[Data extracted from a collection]
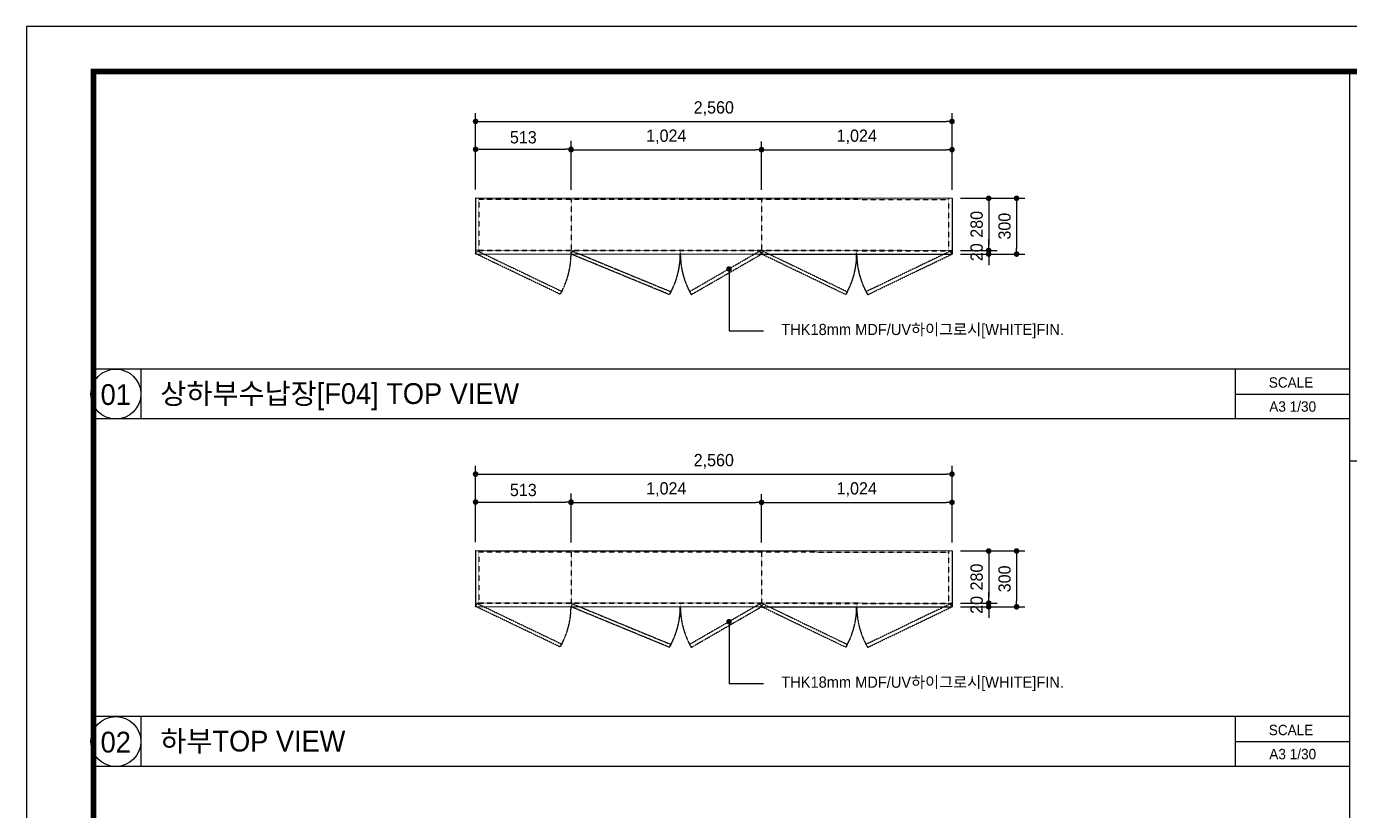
# Model space of a CAD drawing. Header units: millimetres. Extents: x 2050 to 23193, y 1089 to 24925.
# Drawn here: x 2050 to 9160, y 5758 to 9973 of the extents above; entities that cross this region are included whole.
import ezdxf
from ezdxf.enums import TextEntityAlignment as Align

# ---------------------------------------------------------------- set-up
doc = ezdxf.new("R2010")
doc.units = ezdxf.units.MM
for name, pattern in [('CENTER', [2, 1.25, -0.25, 0.25, -0.25]), ('CONTINOUS', [0]), ('DASH', [0.35, 0.25, -0.1])]:
    doc.linetypes.add(name, pattern=pattern)
for name, color, linetype in [('DSDF', 4, 'Continuous'), ('TEXT', 6, 'Continuous'), ('가구', 252, 'Continuous'), ('도면폼선_타이틀', 7, 'Continuous'), ('도면폼선_테두리', 3, 'Continuous'), ('제작가구', 5, 'Continuous')]:
    doc.layers.add(name, color=color, linetype=linetype)
doc.styles.add('도면타이틀', font='')
doc.styles.add('아트애이앤이', font='HYWULM.TTF')
doc.styles.get('도면타이틀').set_extended_font_data('HY울릉도L')
doc.dimstyles.new('dfsfsf', dxfattribs={"dimscale": 50, "dimtxt": 2.2, "dimasz": 1, "dimexe": 1.5, "dimexo": 1.5, "dimgap": 1, "dimtad": 1, "dimdec": 0, "dimlunit": 6, "dimtxsty": '도면타이틀', "dimblk": 'DOT', "dimcen": 2.5, "dimclrd": 9, "dimclre": 9, "dimclrt": 7, "dimadec": 0, "dimazin": 0, "dimtfac": 1, "dimtdec": 0, "dimtix": 1, "dimtmove": 2, "dimatfit": 3, "dimldrblk": 'DOT', "dimfxl": 1.5, "dimarcsym": 0})
doc.dimstyles.new('FDF', dxfattribs={"dimscale": 150, "dimtxt": 2.2, "dimasz": 1, "dimexe": 1.5, "dimexo": 1.5, "dimgap": 1, "dimtad": 1, "dimdec": 0, "dimlunit": 6, "dimtxsty": '도면타이틀', "dimblk": 'DOT', "dimcen": 2.5, "dimclrd": 115, "dimclre": 115, "dimclrt": 7, "dimadec": 0, "dimazin": 0, "dimtfac": 1, "dimtdec": 0, "dimtix": 1, "dimtmove": 2, "dimatfit": 3, "dimldrblk": 'DOT', "dimfxl": 1.5, "dimarcsym": 0})

# ---------------------------------------------------------------- blocks, each defined once
blk = doc.blocks.new('_Dot')
at = {"color": 0, "linetype": 'ByBlock', "lineweight": -2}
blk.add_line((-0.5, 0), (-1, 0), dxfattribs=at)
at = {"color": 0, "linetype": 'ByBlock', "const_width": 0.5}
blk.add_lwpolyline([(-0.25, 0, 1), (0.25, 0, 1)], format="xyb", close=True, dxfattribs=at)
blk = doc.blocks.new('*D108')
at = {"layer": 'Defpoints', "color": 0, "linetype": 'Continuous', "ltscale": 2, "transparency": 16777216}
for p in [(7023.7, 7153.3), (7023.7, 6873.3), (7220.7, 6873.3)]:
    blk.add_point(p, dxfattribs=at)
at = {"layer": 'DSDF', "color": 115, "linetype": 'Continuous', "lineweight": -2, "ltscale": 2, "transparency": 16777216}
for p, q in [((7068.7, 7153.3), (7265.7, 7153.3)), ((7220.7, 7123.3), (7220.7, 6903.3)), ((7068.7, 6873.3), (7265.7, 6873.3))]:
    blk.add_line(p, q, dxfattribs=at)
at = {"layer": 'DSDF', "color": 115, "linetype": 'Continuous', "lineweight": -2, "ltscale": 2, "transparency": 16777216, "xscale": 30, "yscale": 30, "zscale": 30}
for p, rotation in [((7220.7, 7153.3), 90), ((7220.7, 6873.3), 270)]:
    blk.add_blockref('_Dot', p, dxfattribs=dict(at, rotation=rotation))
at = {"layer": 'DSDF', "color": 7, "linetype": 'Continuous', "ltscale": 2, "transparency": 16777216, "insert": (7156.3, 7013.3), "char_height": 66, "attachment_point": 5, "rotation": 90, "style": '아트애이앤이'}
blk.add_mtext('280', dxfattribs=at)
blk = doc.blocks.new('*D109')
at = {"layer": 'Defpoints', "color": 0, "linetype": 'Continuous', "ltscale": 2, "transparency": 16777216}
for p in [(7023.7, 6873.3), (7023.7, 6853.3), (7220.7, 6853.3)]:
    blk.add_point(p, dxfattribs=at)
at = {"layer": 'DSDF', "color": 115, "linetype": 'Continuous', "lineweight": -2, "ltscale": 2, "transparency": 16777216}
for p, q in [((7220.7, 6903.3), (7220.7, 6933.3)), ((7068.7, 6873.3), (7265.7, 6873.3)), ((7068.7, 6853.3), (7265.7, 6853.3)), ((7220.7, 6873.3), (7220.7, 6853.3)), ((7220.7, 6823.3), (7220.7, 6793.3))]:
    blk.add_line(p, q, dxfattribs=at)
at = {"layer": 'DSDF', "color": 115, "linetype": 'Continuous', "lineweight": -2, "ltscale": 2, "transparency": 16777216, "xscale": 30, "yscale": 30, "zscale": 30}
for p, rotation in [((7220.7, 6873.3), 270), ((7220.7, 6853.3), 90)]:
    blk.add_blockref('_Dot', p, dxfattribs=dict(at, rotation=rotation))
at = {"layer": 'DSDF', "color": 7, "linetype": 'Continuous', "ltscale": 2, "transparency": 16777216, "insert": (7156.3, 6863.3), "char_height": 66, "attachment_point": 5, "rotation": 90, "style": '아트애이앤이'}
blk.add_mtext('20', dxfattribs=at)
blk = doc.blocks.new('*D110')
at = {"layer": 'Defpoints', "color": 0, "linetype": 'Continuous', "ltscale": 2, "transparency": 16777216}
for p in [(7023.7, 7153.3), (7023.7, 6853.3), (7370.7, 6853.3)]:
    blk.add_point(p, dxfattribs=at)
at = {"layer": 'DSDF', "color": 115, "linetype": 'Continuous', "lineweight": -2, "ltscale": 2, "transparency": 16777216}
for p, q in [((7068.7, 7153.3), (7415.7, 7153.3)), ((7370.7, 7123.3), (7370.7, 6883.3)), ((7068.7, 6853.3), (7415.7, 6853.3))]:
    blk.add_line(p, q, dxfattribs=at)
at = {"layer": 'DSDF', "color": 115, "linetype": 'Continuous', "lineweight": -2, "ltscale": 2, "transparency": 16777216, "xscale": 30, "yscale": 30, "zscale": 30}
for p, rotation in [((7370.7, 7153.3), 90), ((7370.7, 6853.3), 270)]:
    blk.add_blockref('_Dot', p, dxfattribs=dict(at, rotation=rotation))
at = {"layer": 'DSDF', "color": 7, "linetype": 'Continuous', "ltscale": 2, "transparency": 16777216, "insert": (7306.3, 7003.3), "char_height": 66, "attachment_point": 5, "rotation": 90, "style": '아트애이앤이'}
blk.add_mtext('300', dxfattribs=at)
blk = doc.blocks.new('*D111')
at = {"layer": 'Defpoints', "color": 0, "linetype": 'Continuous', "ltscale": 2, "transparency": 16777216}
for p in [(4976.3, 7416.6), (4463.3, 7155.3), (4976.3, 7153.3)]:
    blk.add_point(p, dxfattribs=at)
at = {"layer": 'DSDF', "color": 115, "linetype": 'Continuous', "lineweight": -2, "ltscale": 2, "transparency": 16777216}
for p, q in [((4463.3, 7200.3), (4463.3, 7461.6)), ((4493.3, 7416.6), (4946.3, 7416.6)), ((4976.3, 7198.3), (4976.3, 7461.6))]:
    blk.add_line(p, q, dxfattribs=at)
at = {"layer": 'DSDF', "color": 115, "linetype": 'Continuous', "lineweight": -2, "ltscale": 2, "transparency": 16777216, "xscale": 30, "yscale": 30, "zscale": 30, "rotation": 180}
blk.add_blockref('_Dot', (4463.3, 7416.6), dxfattribs=at)
at = {"layer": 'DSDF', "color": 115, "linetype": 'Continuous', "lineweight": -2, "ltscale": 2, "transparency": 16777216, "xscale": 30, "yscale": 30, "zscale": 30}
blk.add_blockref('_Dot', (4976.3, 7416.6), dxfattribs=at)
at = {"layer": 'DSDF', "color": 7, "linetype": 'Continuous', "ltscale": 2, "transparency": 16777216, "insert": (4719.8, 7480.9), "char_height": 66, "attachment_point": 5, "style": '아트애이앤이'}
blk.add_mtext('513', dxfattribs=at)
blk = doc.blocks.new('*D112')
at = {"layer": 'Defpoints', "color": 0, "linetype": 'Continuous', "ltscale": 2, "transparency": 16777216}
for p in [(6000, 7414.6), (4976.3, 7153.3), (6000, 7153.3)]:
    blk.add_point(p, dxfattribs=at)
at = {"layer": 'DSDF', "color": 115, "linetype": 'Continuous', "lineweight": -2, "ltscale": 2, "transparency": 16777216}
for p, q in [((4976.3, 7198.3), (4976.3, 7459.6)), ((5006.3, 7414.6), (5970, 7414.6)), ((6000, 7198.3), (6000, 7459.6))]:
    blk.add_line(p, q, dxfattribs=at)
at = {"layer": 'DSDF', "color": 115, "linetype": 'Continuous', "lineweight": -2, "ltscale": 2, "transparency": 16777216, "xscale": 30, "yscale": 30, "zscale": 30, "rotation": 180}
blk.add_blockref('_Dot', (4976.3, 7414.6), dxfattribs=at)
at = {"layer": 'DSDF', "color": 115, "linetype": 'Continuous', "lineweight": -2, "ltscale": 2, "transparency": 16777216, "xscale": 30, "yscale": 30, "zscale": 30}
blk.add_blockref('_Dot', (6000, 7414.6), dxfattribs=at)
at = {"layer": 'DSDF', "color": 7, "linetype": 'Continuous', "ltscale": 2, "transparency": 16777216, "insert": (5488.2, 7483.9), "char_height": 66, "attachment_point": 5, "style": '아트애이앤이'}
blk.add_mtext('1,024', dxfattribs=at)
blk = doc.blocks.new('*D113')
at = {"layer": 'Defpoints', "color": 0, "linetype": 'Continuous', "ltscale": 2, "transparency": 16777216}
for p in [(7023.7, 7414.6), (6000, 7153.3), (7023.7, 7153.3)]:
    blk.add_point(p, dxfattribs=at)
at = {"layer": 'DSDF', "color": 115, "linetype": 'Continuous', "lineweight": -2, "ltscale": 2, "transparency": 16777216}
for p, q in [((6000, 7198.3), (6000, 7459.6)), ((6030, 7414.6), (6993.7, 7414.6)), ((7023.7, 7198.3), (7023.7, 7459.6))]:
    blk.add_line(p, q, dxfattribs=at)
at = {"layer": 'DSDF', "color": 115, "linetype": 'Continuous', "lineweight": -2, "ltscale": 2, "transparency": 16777216, "xscale": 30, "yscale": 30, "zscale": 30, "rotation": 180}
blk.add_blockref('_Dot', (6000, 7414.6), dxfattribs=at)
at = {"layer": 'DSDF', "color": 115, "linetype": 'Continuous', "lineweight": -2, "ltscale": 2, "transparency": 16777216, "xscale": 30, "yscale": 30, "zscale": 30}
blk.add_blockref('_Dot', (7023.7, 7414.6), dxfattribs=at)
at = {"layer": 'DSDF', "color": 7, "linetype": 'Continuous', "ltscale": 2, "transparency": 16777216, "insert": (6511.8, 7483.9), "char_height": 66, "attachment_point": 5, "style": '아트애이앤이'}
blk.add_mtext('1,024', dxfattribs=at)
blk = doc.blocks.new('*D114')
at = {"layer": 'Defpoints', "color": 0, "linetype": 'Continuous', "ltscale": 2, "transparency": 16777216}
for p in [(7023.7, 7566.6), (4463.3, 7305.3), (7023.7, 7303.3)]:
    blk.add_point(p, dxfattribs=at)
at = {"layer": 'DSDF', "color": 115, "linetype": 'Continuous', "lineweight": -2, "ltscale": 2, "transparency": 16777216}
for p, q in [((4463.3, 7350.3), (4463.3, 7611.6)), ((7023.7, 7348.3), (7023.7, 7611.6)), ((4493.3, 7566.6), (6993.7, 7566.6))]:
    blk.add_line(p, q, dxfattribs=at)
at = {"layer": 'DSDF', "color": 115, "linetype": 'Continuous', "lineweight": -2, "ltscale": 2, "transparency": 16777216, "xscale": 30, "yscale": 30, "zscale": 30, "rotation": 180}
blk.add_blockref('_Dot', (4463.3, 7566.6), dxfattribs=at)
at = {"layer": 'DSDF', "color": 115, "linetype": 'Continuous', "lineweight": -2, "ltscale": 2, "transparency": 16777216, "xscale": 30, "yscale": 30, "zscale": 30}
blk.add_blockref('_Dot', (7023.7, 7566.6), dxfattribs=at)
at = {"layer": 'DSDF', "color": 7, "linetype": 'Continuous', "ltscale": 2, "transparency": 16777216, "insert": (5743.5, 7635.9), "char_height": 66, "attachment_point": 5, "style": '아트애이앤이'}
blk.add_mtext('2,560', dxfattribs=at)
blk = doc.blocks.new('DOT')
at = {"color": 0, "linetype": 'ByBlock'}
blk.add_line((-0.5, 0), (-1, 0), dxfattribs=at)
at = {"color": 0, "linetype": 'ByBlock', "const_width": 0.5}
blk.add_lwpolyline([(-0.25, 0, 1), (0.25, 0, 1)], format="xyb", close=True, dxfattribs=at)
blk = doc.blocks.new('artn-nd titlebox')
at = {"color": 44, "ltscale": 0.08}
blk.add_lwpolyline([(0, 0), (42958, 0), (42958, 30378), (0, 30378)], close=True, dxfattribs=at)
at = {"color": 2, "const_width": 103}
blk.add_lwpolyline([(1234, 827), (41724, 827), (41724, 29550), (1234, 29550)], close=True, dxfattribs=at)
blk = doc.blocks.new('*D175')
at = {"layer": 'Defpoints', "color": 0, "linetype": 'Continuous', "ltscale": 2, "transparency": 16777216}
for p in [(7023.7, 9049.5), (7023.7, 8769.5), (7220.7, 8769.5)]:
    blk.add_point(p, dxfattribs=at)
at = {"layer": 'DSDF', "color": 115, "linetype": 'Continuous', "lineweight": -2, "ltscale": 2, "transparency": 16777216}
for p, q in [((7068.7, 9049.5), (7265.7, 9049.5)), ((7220.7, 9019.5), (7220.7, 8799.5)), ((7068.7, 8769.5), (7265.7, 8769.5))]:
    blk.add_line(p, q, dxfattribs=at)
at = {"layer": 'DSDF', "color": 115, "linetype": 'Continuous', "lineweight": -2, "ltscale": 2, "transparency": 16777216, "xscale": 30, "yscale": 30, "zscale": 30}
for p, rotation in [((7220.7, 9049.5), 90), ((7220.7, 8769.5), 270)]:
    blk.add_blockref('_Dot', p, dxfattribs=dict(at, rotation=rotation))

> **Problem to solve**
Stop after the line containing "doc.linetypes.add(name, pattern=pattern)": copy the records exactly from the first line up to there, leaving pictures out.

> **Written response**
# Model space of a CAD drawing. Header units: millimetres. Extents: x 2050 to 23193, y 1089 to 24925.
# Drawn here: x 2050 to 9160, y 5758 to 9973 of the extents above; entities that cross this region are included whole.
import ezdxf
from ezdxf.enums import TextEntityAlignment as Align

# ---------------------------------------------------------------- set-up
doc = ezdxf.new("R2010")
doc.units = ezdxf.units.MM
for name, pattern in [('CENTER', [2, 1.25, -0.25, 0.25, -0.25]), ('CONTINOUS', [0]), ('DASH', [0.35, 0.25, -0.1])]:
    doc.linetypes.add(name, pattern=pattern)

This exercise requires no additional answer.